Part of Advances in Neural Information Processing Systems 32 (NeurIPS 2019)
Vincent Cohen-Addad, Niklas Oskar D. Hjuler, Nikos Parotsidis, David Saulpic, Chris Schwiegelshohn
We consider classic clustering problems in fully dynamic data streams, where data elements can be both inserted and deleted. In this context, several parameters are of importance: (1) the quality of the solution after each insertion or deletion, (2) the time it takes to update the solution, and (3) how different consecutive solutions are. The question of obtaining efficient algorithms in this context for facility location, $k$-median and $k$-means has been raised in a recent paper by Hubert-Chan et al. [WWW'18] and also appears as a natural follow-up on the online model with recourse studied by Lattanzi and Vassilvitskii [ICML'17] (i.e.: in insertion-only streams).
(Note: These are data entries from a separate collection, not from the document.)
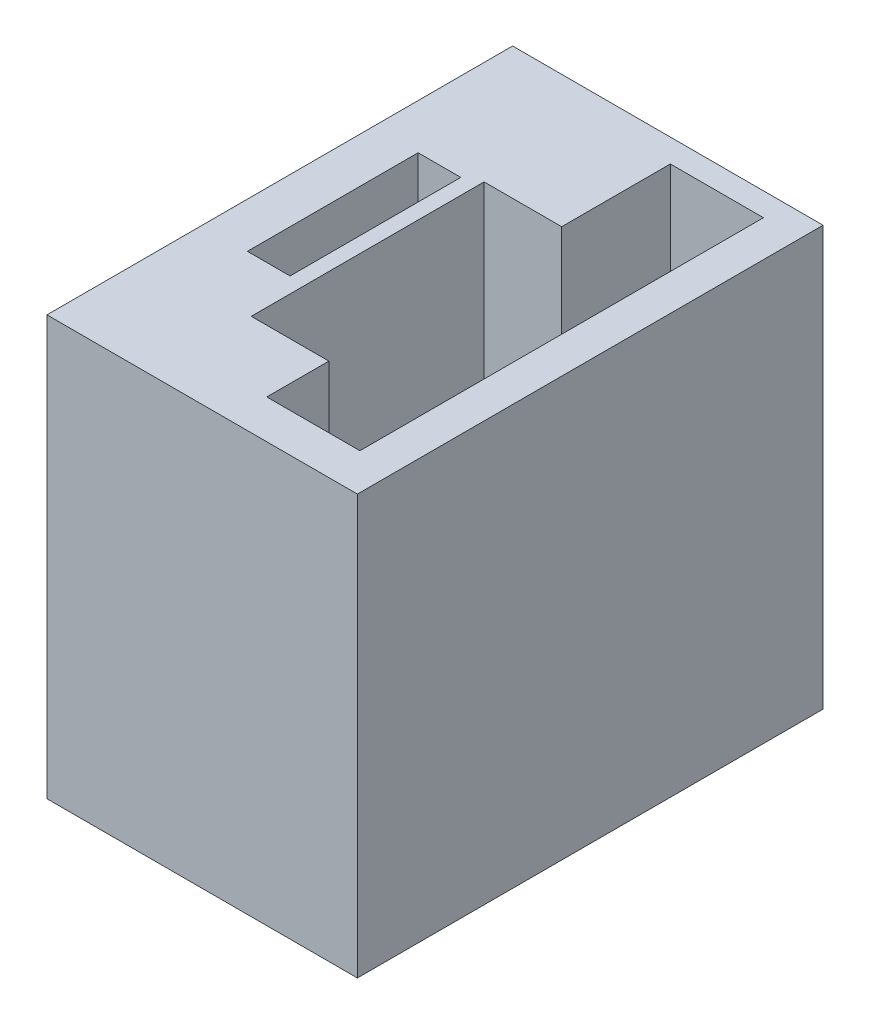
from build123d import *

# Parameters (mm, degrees)
SKETCH2_W           = 30
SKETCH2_H           = 27
BOSS_EXTRUDE1_DEPTH = 20
SKETCH6_W           = 6
SKETCH6_H           = 26
CUT_EXTRUDE4_DEPTH  = 26
SKETCH9_W           = 5
SKETCH9_H           = 15
CUT_EXTRUDE5_DEPTH  = 21
SKETCH11_R          = 5
CUT_EXTRUDE8_DEPTH  = 0.5
SKETCH12_W          = 2.75
SKETCH12_H          = 11
CUT_EXTRUDE12_DEPTH = 17.5
SKETCH15_R          = 4.5
CUT_EXTRUDE13_DEPTH = 6


with BuildPart() as part:
    # Sketch2 → Boss-Extrude1 (new body)
    with BuildSketch(Plane(origin=(0, 0, 0), x_dir=(0, 0, -1), z_dir=(1, 0, 0))):
        with Locations((15, 13.5)):
            Rectangle(SKETCH2_W, SKETCH2_H)
    extrude(amount=BOSS_EXTRUDE1_DEPTH)

    # Sketch6 → Cut-Extrude4 (cut)
    with BuildSketch(Plane(origin=(2.296116437, 27, -0.293484995), x_dir=(1, 0, 0), z_dir=(0, 1, 0))):
        with Locations((12.365844825, 15.206515005)):
            Rectangle(SKETCH6_W, SKETCH6_H)
    extrude(amount=-CUT_EXTRUDE4_DEPTH, mode=Mode.SUBTRACT)

    # Sketch9 → Cut-Extrude5 (cut)
    with BuildSketch(Plane(origin=(0, 27, 0), x_dir=(1, 0, 0), z_dir=(0, 1, 0))):
        with Locations((9.161961261, 14)):
            Rectangle(SKETCH9_W, SKETCH9_H)
    extrude(amount=-CUT_EXTRUDE5_DEPTH, mode=Mode.SUBTRACT)

    # Sketch11 → Cut-Extrude8 (cut)
    with BuildSketch(Plane.ZY):
        with Locations((-15.1, 13.5)):
            Circle(SKETCH11_R)
    extrude(amount=-CUT_EXTRUDE8_DEPTH, mode=Mode.SUBTRACT)

    # Sketch12 → Cut-Extrude12 (cut)
    with BuildSketch(Plane(origin=(0, 27, 0), x_dir=(1, 0, 0), z_dir=(0, 1, 0))):
        with Locations((4.286961261, 15.5)):
            Rectangle(SKETCH12_W, SKETCH12_H)
    extrude(amount=-CUT_EXTRUDE12_DEPTH, mode=Mode.SUBTRACT)

    # Sketch15 → Cut-Extrude13 (cut)
    with BuildSketch(Plane.ZY.offset(-0.5)):
        with Locations((-15.04, 13.5)):
            Circle(SKETCH15_R)
    extrude(amount=-CUT_EXTRUDE13_DEPTH, mode=Mode.SUBTRACT)


solid = part.part

In this paper, we focus on general metric spaces and mainly on the facility location problem. We give an arguably simple algorithm that maintains a constant factor approximation, with $O(n\log n)$ update time, and total recourse $O(n)$. This improves over the naive algorithm which consists in recomputing a solution at each time step and that can take up to $O(n^2)$ update time, and $O(n^2)$ total recourse. These bounds are nearly optimal: in general metric space, inserting a point take $O(n)$ times to describe the distances to other points, and we give a simple lower bound of $O(n)$ for the recourse. Moreover, we generalize this result for the $k$-medians and $k$-means problems: our algorithm maintains a constant factor approximation in time $\widetilde{O}(n+k^2)$. We complement our analysis with experiments showing that the cost of the solution maintained by our algorithm at any time $t$ is very close to the cost of a solution obtained by quickly recomputing a solution from scratch at time $t$ while having a much better running time.